Monday, Mar. 21, 1960

Just Like Algeria

Last fall, after Nasser and Jordan's King Hussein had seemingly patched up their quarrel and agreed to resume diplomatic relations, all went well until the United Arab Republic assigned a new man to head its consulate in Arab Jerusalem. His credentials, as if calculated to give offense, defined the post as in "the area west of the Jordan River which is occupied at present by the forces of The Hashemite Kingdom of Jordan." It has been part of Jordan for ten years.

Hussein's response to this diplomatic slight was to send the consul packing. Nasser's next move was to propose that the Arabs re-create an entity called Palestine, with its own army. What is left to the Arabs of what used to be Palestine, except for the Gaza Strip wedge that Nasser controls, has been absorbed into Jordan, adding an educated and restless population to what used to be a desert kingdom.

After a three-year spell of comparative quiescence, Nasser plainly wanted to follow an aggressively Arab-nationalist line in the Middle East. To do this, he was quite prepared to hot things up against Jordan and to make life miserable for Jordan's Premier Hazza Majali, 40, a sophisticated moderate who, before taking the premiership last spring, privately approached Nasser to assure himself of Cairo's benevolence. Now Majali found himself thunderously denounced by "Voice of the Arabs" as "a notorious old imperialist stooge." Not yet attacking King Hussein by name, Nasser himself charged last week in a Syrian speech that "the Amman rulers have yielded themselves to American and British imperialism to work against the Arab nation."

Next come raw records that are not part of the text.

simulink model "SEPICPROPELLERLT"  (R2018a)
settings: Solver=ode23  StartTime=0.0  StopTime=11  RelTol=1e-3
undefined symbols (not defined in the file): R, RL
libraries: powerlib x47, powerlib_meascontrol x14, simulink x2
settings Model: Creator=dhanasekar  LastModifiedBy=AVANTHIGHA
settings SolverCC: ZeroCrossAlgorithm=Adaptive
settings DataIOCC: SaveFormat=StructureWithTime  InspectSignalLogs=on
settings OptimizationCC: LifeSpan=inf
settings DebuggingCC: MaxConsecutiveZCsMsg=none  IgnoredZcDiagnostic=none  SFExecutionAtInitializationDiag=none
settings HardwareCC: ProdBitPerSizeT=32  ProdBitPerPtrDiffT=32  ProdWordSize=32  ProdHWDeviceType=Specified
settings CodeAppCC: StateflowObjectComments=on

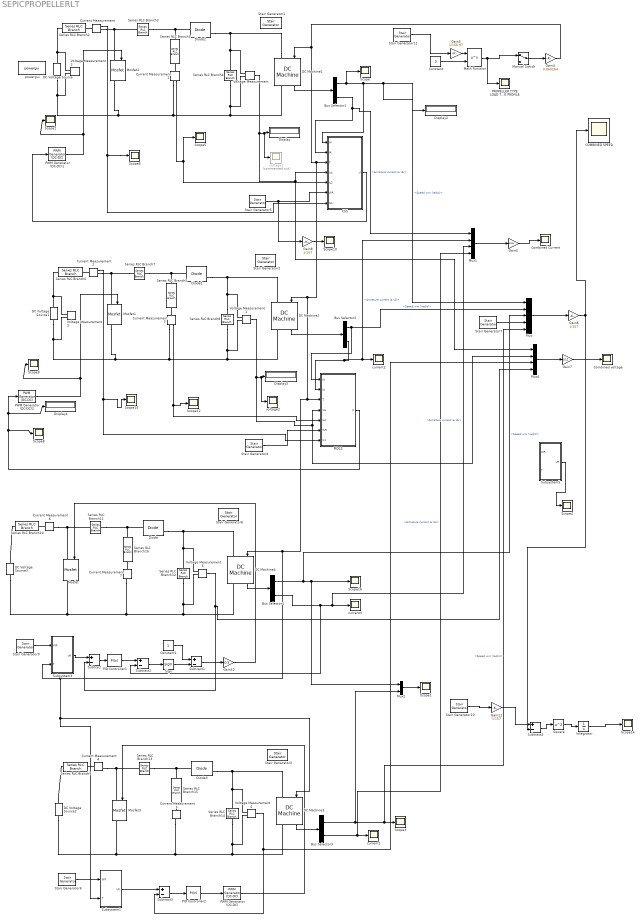
== system SEPICPROPELLERLT ==
  Bus Selector{1..4} (4 alike) : BusSelector  OutputSignals=Speed wm (rad/s),Armature current ia (A)
  COMBINED SPEED : Scope
  CSS : Subsystem
  Combined Current : Scope
  Combined voltage : Scope
  Constant : Constant  Value=3
  Constant1 : Constant
  Current Measurement{,2,4,6} (4 alike) : powerlib/Measurements/Current Measurement  PhasorSimulation=off  OutputType=Complex  PSBequivalent=0
  Current Measurement{1,3,5,7} (4 alike) : powerlib/Measurements/Current Measurement  PhasorSimulation=off  OutputType=Magnitude  PSBequivalent=0
  DC Machine{1..4} (4 alike) : powerlib/Machines/DC Machine  PresetModel=No  MechanicalLoad=Torque TL  FieldType=Permanent magnet  ShowDetailedParameters=on  MeasurementBus=off  RLa="[2.6  0.71285]"  RLf="[ 240  120]"  Laf=1.8  MachineConstant=Back-emf constant (V/rpm)  Ke=0.00525636  Kt=0.05022  J=0.0000886138  Bm=0.000096894  Tf=0  w0=0  Ifinit=1  TsPowergui=0  TsBlock=-1
      settings: SourceProductName=Simscape Electrical
  DC Voltage Source : powerlib/Electrical Sources/DC Voltage Source  Amplitude=6  Measurements=Voltage
  DC Voltage Source1 : powerlib/Electrical Sources/DC Voltage Source  Amplitude=6  Measurements=Voltage
  DC Voltage Source2 : powerlib/Electrical Sources/DC Voltage Source  Amplitude=6  Measurements=Voltage
  DC Voltage Source3 : powerlib/Electrical Sources/DC Voltage Source  Amplitude=7  Measurements=Voltage
  Diode{,1..3} (4 alike) : powerlib/Power Electronics/Diode  Ron=0.001  Lon=0  Vf=0.8  IC=0  UseSnubber=0  Rs=500  Cs=250e-9  Measurements=on
  Display{,2..4} (4 alike) : Display
  Gain10 : Gain  Gain=0.5
  Gain11 : Gain  Gain=1/157
  Gain3 : Gain  Gain=1/156.97
  Gain4 : Gain  Gain=0.060264
  Gain5 : Gain  Gain=1/1.5
  Gain6 : Gain  Gain=1/157
  Gain7 : Gain  Gain=1/12
  Gain8 : Gain  Gain=1/157
  Integrator : Integrator
  Manual Switch : ManualSwitch
  Math Function : Math  Operator=pow  SaturateOnIntegerOverflow=on
  Mosfet{,1..3} (4 alike) : powerlib/Power Electronics/Mosfet  Ron=0.1  Lon=0  Rd=0.01  Vfd=0  IC=0  Rs=1e5  Cs=inf  Measurements=on
      Mosfet1 settings: SourceProductName=Simscape Electrical
      Mosfet2 settings: SourceProductName=Simscape Electrical
  Mux : Mux  Inputs=5
  Mux1 : Mux
  Mux2 : Mux  Inputs=2
  Mux4 : Mux
  PID Controller1 : simulink/Continuous/PID Controller  Controller=PI  TimeDomain=Discrete-time  SampleTime=-1  IntegratorMethod=Forward Euler  FilterMethod=Forward Euler  Form=Parallel  UseFilter=on  ControllerParametersSource=internal  P=0.0009111115  I=1.000777777777777777  D=0.2  N=100  InitialConditionSource=internal  InitialConditionForIntegrator=0  InitialConditionForFilter=0  ExternalReset=none  LimitOutput=off  UpperSaturationLimit=inf  LowerSaturationLimit=-inf  LinearizeAsGain=on  AntiWindupMode=none  Kb=1  TrackingMode=off  Kt=1  PParamMin=[]  PParamMax=[]  IParamMin=[]  IParamMax=[]  DParamMin=[]  DParamMax=[]  NParamMin=[]  NParamMax=[]  KbParamMin=[]  KbParamMax=[]  KtParamMin=[]  KtParamMax=[]  POutMin=[]  POutMax=[]  IOutMin=[]  IOutMax=[]  DOutMin=[]  DOutMax=[]  NOutMin=[]  NOutMax=[]  KbOutMin=[]  KbOutMax=[]  KtOutMin=[]  KtOutMax=[]  IntegratorOutMin=[]  IntegratorOutMax=[]  FilterOutMin=[]  FilterOutMax=[]  SumOutMin=[]  SumOutMax=[]  SumI1OutMin=[]  SumI1OutMax=[]  SumI2OutMin=[]  SumI2OutMax=[]  SumI3OutMin=[]  SumI3OutMax=[]  SumDOutMin=[]  SumDOutMax=[]  SaturationOutMin=[]  SaturationOutMax=[]  IntegratorContinuousStateAttributes=''  IntegratorStateMustResolveToSignalObject=off  IntegratorRTWStateStorageClass=Auto  FilterContinuousStateAttributes=''  FilterStateMustResolveToSignalObject=off  FilterRTWStateStorageClass=Auto  DifferentiatorICPrevScaledInput=0  DifferentiatorOutMin=[]  DifferentiatorOutMax=[]  FilterDiffOutCoefMin=[]  FilterDiffOutCoefMax=[]  SumDenOutMin=[]  SumDenOutMax=[]  SumNumOutMin=[]  SumNumOutMax=[]  ReciprocalOutMin=[]  ReciprocalOutMax=[]  DivideOutMin=[]  DivideOutMax=[]  TunerSelectOption=Transfer Function Based (PID Tuner App)
  PID Controller2 : simulink/Continuous/PID Controller  Controller=PI  TimeDomain=Discrete-time  SampleTime=-1  IntegratorMethod=Forward Euler  FilterMethod=Forward Euler  Form=Parallel  UseFilter=on  ControllerParametersSource=internal  P=0.0000977777777777777777777777777777777777777777777777777777777777777777777777777777111115  I=1.0009999  D=0.2  N=100  InitialConditionSource=internal  InitialConditionForIntegrator=0  InitialConditionForFilter=0  ExternalReset=none  LimitOutput=off  UpperSaturationLimit=inf  LowerSaturationLimit=-inf  LinearizeAsGain=on  AntiWindupMode=none  Kb=1  TrackingMode=off  Kt=1  PParamMin=[]  PParamMax=[]  IParamMin=[]  IParamMax=[]  DParamMin=[]  DParamMax=[]  NParamMin=[]  NParamMax=[]  KbParamMin=[]  KbParamMax=[]  KtParamMin=[]  KtParamMax=[]  POutMin=[]  POutMax=[]  IOutMin=[]  IOutMax=[]  DOutMin=[]  DOutMax=[]  NOutMin=[]  NOutMax=[]  KbOutMin=[]  KbOutMax=[]  KtOutMin=[]  KtOutMax=[]  IntegratorOutMin=[]  IntegratorOutMax=[]  FilterOutMin=[]  FilterOutMax=[]  SumOutMin=[]  SumOutMax=[]  SumI1OutMin=[]  SumI1OutMax=[]  SumI2OutMin=[]  SumI2OutMax=[]  SumI3OutMin=[]  SumI3OutMax=[]  SumDOutMin=[]  SumDOutMax=[]  SaturationOutMin=[]  SaturationOutMax=[]  IntegratorContinuousStateAttributes=''  IntegratorStateMustResolveToSignalObject=off  IntegratorRTWStateStorageClass=Auto  FilterContinuousStateAttributes=''  FilterStateMustResolveToSignalObject=off  FilterRTWStateStorageClass=Auto  DifferentiatorICPrevScaledInput=0  DifferentiatorOutMin=[]  DifferentiatorOutMax=[]  FilterDiffOutCoefMin=[]  FilterDiffOutCoefMax=[]  SumDenOutMin=[]  SumDenOutMax=[]  SumNumOutMin=[]  SumNumOutMax=[]  ReciprocalOutMin=[]  ReciprocalOutMax=[]  DivideOutMin=[]  DivideOutMax=[]  TunerSelectOption=Transfer Function Based (PID Tuner App)
  PIDSS : Subsystem
  PROPELLER TYPE LOAD TORQUE PROFILE : Scope
  PWM Generator (DC-DC) : powerlib_meascontrol/Pulse & Signal Generators/PWM Generator (DC-DC)  Fsw=5000  Ts=0
  PWM Generator (DC-DC)1 : powerlib_meascontrol/Pulse & Signal Generators/PWM Generator (DC-DC)  Fsw=50000  Ts=0
      settings: SourceProductName=Simscape Electrical
  PWM Generator (DC-DC)2 : powerlib_meascontrol/Pulse & Signal Generators/PWM Generator (DC-DC)  Fsw=50000  Ts=0
      settings: SourceProductName=Simscape Electrical
  Scope{,1..6,8..10,12..14,16} (14 alike) : Scope
  Series RLC Branch{1,5..6,15..16} (5 alike) : powerlib/Elements/Series RLC Branch  LConnTagsString=__new0  RConnTagsString=__new0  BranchType=L  Resistance=RL  Inductance=0.5e-3  SetiL0=off  InitialCurrent=0  Capacitance=1e-6  Setx0=off  InitialVoltage=0  Measurements=Branch current
      settings: SourceProductName=Simscape Electrical
  Series RLC Branch10 : powerlib/Elements/Series RLC Branch  LConnTagsString=__new0  RConnTagsString=__new0  BranchType=L  Resistance=RL  Inductance=1e-3  SetiL0=off  InitialCurrent=0  Capacitance=1e-6  Setx0=off  InitialVoltage=0  Measurements=Branch current
      settings: SourceProductName=Simscape Electrical
  Series RLC Branch11 : powerlib/Elements/Series RLC Branch  LConnTagsString=__new0  RConnTagsString=__new0  BranchType=C  Resistance=R  Inductance=1e-3  SetiL0=off  InitialCurrent=0  Capacitance=10000e-6  Setx0=on  InitialVoltage=0  Measurements=Branch voltage
      settings: SourceProductName=Simscape Electrical
  Series RLC Branch{3,7,12..14} (5 alike) : powerlib/Elements/Series RLC Branch  LConnTagsString=__new0  RConnTagsString=__new0  BranchType=C  Resistance=R  Inductance=1e-3  SetiL0=off  InitialCurrent=0  Capacitance=1000e-6  Setx0=on  InitialVoltage=0  Measurements=Branch voltage
      settings: SourceProductName=Simscape Electrical
  Series RLC Branch2 : powerlib/Elements/Series RLC Branch  LConnTagsString=__new0  RConnTagsString=__new0  BranchType=L  Resistance=RL  Inductance=1e-3  SetiL0=off  InitialCurrent=0  Capacitance=1e-6  Setx0=off  InitialVoltage=0  Measurements=Branch current
      settings: SourceProductName=Simscape Electrical
  Series RLC Branch4 : powerlib/Elements/Series RLC Branch  LConnTagsString=__new0  RConnTagsString=__new0  BranchType=C  Resistance=R  Inductance=1e-3  SetiL0=off  InitialCurrent=0  Capacitance=600e-6  Setx0=on  InitialVoltage=0  Measurements=Branch voltage
      settings: SourceProductName=Simscape Electrical
  Series RLC Branch8 : powerlib/Elements/Series RLC Branch  LConnTagsString=__new0  RConnTagsString=__new0  BranchType=C  Resistance=R  Inductance=1e-3  SetiL0=off  InitialCurrent=0  Capacitance=2500e-6  Setx0=on  InitialVoltage=0  Measurements=Branch voltage
      settings: SourceProductName=Simscape Electrical
  Series RLC Branch9 : powerlib/Elements/Series RLC Branch  LConnTagsString=__new0  RConnTagsString=__new0  BranchType=L  Resistance=RL  Inductance=1e-3  SetiL0=off  InitialCurrent=0  Capacitance=1e-6  Setx0=off  InitialVoltage=0  Measurements=Branch current
      settings: SourceProductName=Simscape Electrical
  Sign : Signum
  Square : Math  Operator=square  SaturateOnIntegerOverflow=on
  Stair Generator1 : powerlib_meascontrol/Pulse & Signal Generators/Stair Generator  t=[0,4,8]  e=[0,0.0301,0.0608]  Ts=0
      settings: SourceProductName=Simscape Power Systems
  Stair Generator{4..6,9..11} (6 alike) : powerlib_meascontrol/Pulse & Signal Generators/Stair Generator  t=[0,6,10]  e=[78.5,157,94.2]  Ts=0
      settings: SourceProductName=Simscape Power Systems
  Stair Generator2 : powerlib_meascontrol/Pulse & Signal Generators/Stair Generator  t=[0,4,8]  e=[0,0.0301,0.0602]  Ts=0
      settings: SourceProductName=Simscape Power Systems
  Stair Generator3 : powerlib_meascontrol/Pulse & Signal Generators/Stair Generator  t=[0,4,8]  e=[0,0.0301,0.0602]  Ts=0
      settings: SourceProductName=Simscape Power Systems
  Stair Generator7 : powerlib_meascontrol/Pulse & Signal Generators/Stair Generator  t=[0,6,10]  e=[79.51,158,94.98]  Ts=0
      settings: SourceProductName=Simscape Power Systems
  Stair Generator8 : powerlib_meascontrol/Pulse & Signal Generators/Stair Generator  t=[0,4,8]  e=[0,0.0301,0.0602]  Ts=0
      settings: SourceProductName=Simscape Power Systems
  Subsystem1 : Subsystem
  Subsystem3 : Subsystem
  Subsystem5 : Subsystem
  Subtract{,1..4} (5 alike) : Sum  Inputs=+-
  Voltage Measurement{,1..5} (6 alike) : powerlib/Measurements/Voltage Measurement  PhasorSimulation=off  OutputType=Complex  PSBequivalent=0
  current1 : Scope
  current2 : Scope
  current3 : Scope
  powergui : powerlib/powergui  Priority=1  SimulationMode=Discrete  SampleTime=50e-6  frequency=60  Iterations=50  frequencyindice=0  Pbase=100e6  ErrMax=1e-4  UnitsV=kV  UnitsW=MW  buscounter=0  FunctionMessages=off  echomessages=off  EnableUseOfTLC=off  CurrentSourceSwitches=off  DisableSnubberDevices=off  DisableRonSwitches=off  DisableVfSwitches=off  DisplayEquations=off  SolverType=Tustin/Backward Euler (TBE)  Interpol=off  ExternalGateDelay=off  methode=off  Ts=100  x0status=blocks  SPID=on  SwTol=0  HookPort=off  RestoreLinks=warning  ResistiveCurrentMeasurement=off  Frange=[0:2:500]  Ylog=off  Xlog=on  ShowGrid=off  save=off  variable=ZData  structure=0  ZoomFFT=off  StartTime=0.0  cycles=1  DisplayStyle=1  fundamental=60  FreqAxis=off  MaxFrequency=1000  frequencyindicesteady=1  RmsSteady=1  display=off
  voltage1 : Scope  Commented=on
  voltage2 : Scope
  wires:
  Current Measurement/1 -> CSS/7(IL1), Scope6/1
  Voltage Measurement/1 -> Mux4/1, CSS/4(VA), voltage1/1, Display/1
  Current Measurement1/1 -> CSS/5(IL2), Scope5/1
  PWM Generator (DC-DC)1/1 -> Mosfet2/1, Scope2/1
  DC Machine1/1 -> Bus Selector1/1
  Bus Selector1/1 -> Scope/1, CSS/1(W), Display2/1, Mux/1  "<Speed wm (rad/s)>"
  Bus Selector1/2 -> Mux1/1, CSS/2(IA)  "<Armature current ia (A)>"
  Stair Generator5/1 -> Gain8/1, CSS/6(WR)
  CSS/1(U) -> PWM Generator (DC-DC)1/1
  DC Machine2/1 -> Bus Selector2/1
  Voltage Measurement1/1 -> voltage2/1, Display3/1, Mux4/2, PIDSS/4(VA)
  Bus Selector2/2 -> Mux1/2, current2/1, PIDSS/2(IA)  "<Armature current ia (A)>"
  PIDSS/1(U) -> Scope8/1, Display4/1, PWM Generator (DC-DC)2/1
  Current Measurement2/1 -> Scope13/1, PIDSS/7(IL1)
  Stair Generator4/1 -> PIDSS/6(WR)
  Current Measurement3/1 -> Scope12/1, PIDSS/5(IL2)
  PWM Generator (DC-DC)2/1 -> Mosfet1/1, Scope9/1
  Bus Selector2/1 -> Mux/2, PIDSS/1(W)  "<Speed wm (rad/s)>"
  Gain5/1 -> Combined Current/1
  Mux1/1 -> Gain5/1
  Mux4/1 -> Gain7/1
  Gain7/1 -> Combined voltage/1
  Mux/1 -> Gain6/1
  Gain6/1 -> Subtract4/2, COMBINED SPEED/1
  Stair Generator7/1 -> Mux/4
  Gain8/1 -> Scope10/1
  Voltage Measurement4/1 -> Mux4/3, Subtract3/2
  Integrator/1 -> Scope14/1
  Subtract/1 -> PID Controller1/1
  Square/1 -> Integrator/1
  Subtract3/1 -> PID Controller2/1
  Gain11/1 -> Subtract4/1
  Subsystem3/1(VR) -> Subtract/1
  Gain10/1 -> Mosfet/1
  PID Controller1/1 -> Subtract2/1
  Subtract2/1 -> Sign/1
  Bus Selector4/2 -> Subtract2/2, Mux1/3, current3/1  "<Armature current ia (A)>"
  Sign/1 -> Subtract1/2
  Constant1/1 -> Subtract1/1
  PID Controller2/1 -> PWM Generator (DC-DC)/1
  Bus Selector4/1 -> Mux/3, Mux2/1, Scope16/1  "<Speed wm (rad/s)>"
  Stair Generator6/1 -> Subsystem1/1(WR)
  Subsystem5/1(VR) -> Scope4/1
  Subsystem1/1(VR) -> Subtract3/1
  Mux2/1 -> Scope1/1
  Voltage Measurement5/1 -> Mux4/4, Subtract/2
  PWM Generator (DC-DC)/1 -> Mosfet3/1
  Stair Generator10/1 -> Gain11/1
  Bus Selector3/1 -> Mux2/2, Mux/5, Scope3/1  "<Speed wm (rad/s)>"
  Subtract1/1 -> Gain10/1
  Subtract4/1 -> Square/1
  Bus Selector3/2 -> Mux1/4, current1/1  "<Armature current ia (A)>"
  DC Machine4/1 -> Bus Selector4/1
  Stair Generator9/1 -> Subsystem3/1(WR)
  DC Machine3/1 -> Bus Selector3/1
  Math Function/1 -> PROPELLER TYPE LOAD TORQUE PROFILE/1, Manual Switch/1
  Gain3/1 -> Math Function/1
  Constant/1 -> Math Function/2
  Stair Generator11/1 -> Gain3/1
  Manual Switch/1 -> Gain4/1
  Gain4/1 -> Subsystem1/2(T), DC Machine3/1, Subsystem3/2(T), DC Machine4/1, PIDSS/3(T), DC Machine2/1, CSS/3(T), DC Machine1/1
  connections:
  DC Voltage Source/RConn1 -- Voltage Measurement2/LConn1 -- Series RLC Branch2/LConn1
  Current Measurement/LConn1 -- Series RLC Branch2/RConn1
  Current Measurement/RConn1 -- Mosfet2/LConn1 -- Series RLC Branch3/LConn1
  Series RLC Branch3/RConn1 -- Series RLC Branch1/LConn1 -- Diode2/LConn1
  Current Measurement1/LConn1 -- Series RLC Branch1/RConn1
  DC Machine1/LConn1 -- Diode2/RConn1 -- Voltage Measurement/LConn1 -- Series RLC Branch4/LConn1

Nasser's ambitions are becoming clearer. Surrounding Israel on two sides, he would like to close the circle by creating a sort of provisional Palestine regime in the area now part of Jordan. The Palestine refugee movement, if noisy, has been ineffectual since the Arabs were beaten by Israel in 1949. Nasser wants to purge it of discredited oldtimers and replace them with a group of young militants who would stir up trouble as the rebel F.L.N. leaders do for Algeria. They would be backed by Cairo and run from Cairo. King Hussein was thus in for another showdown with Nasser. At such times he usually sends for his old troubleshooter, hard-nosed Samir Rifai, to take over as Premier. All Jordan was waiting for the luckless Premier Majali to step down.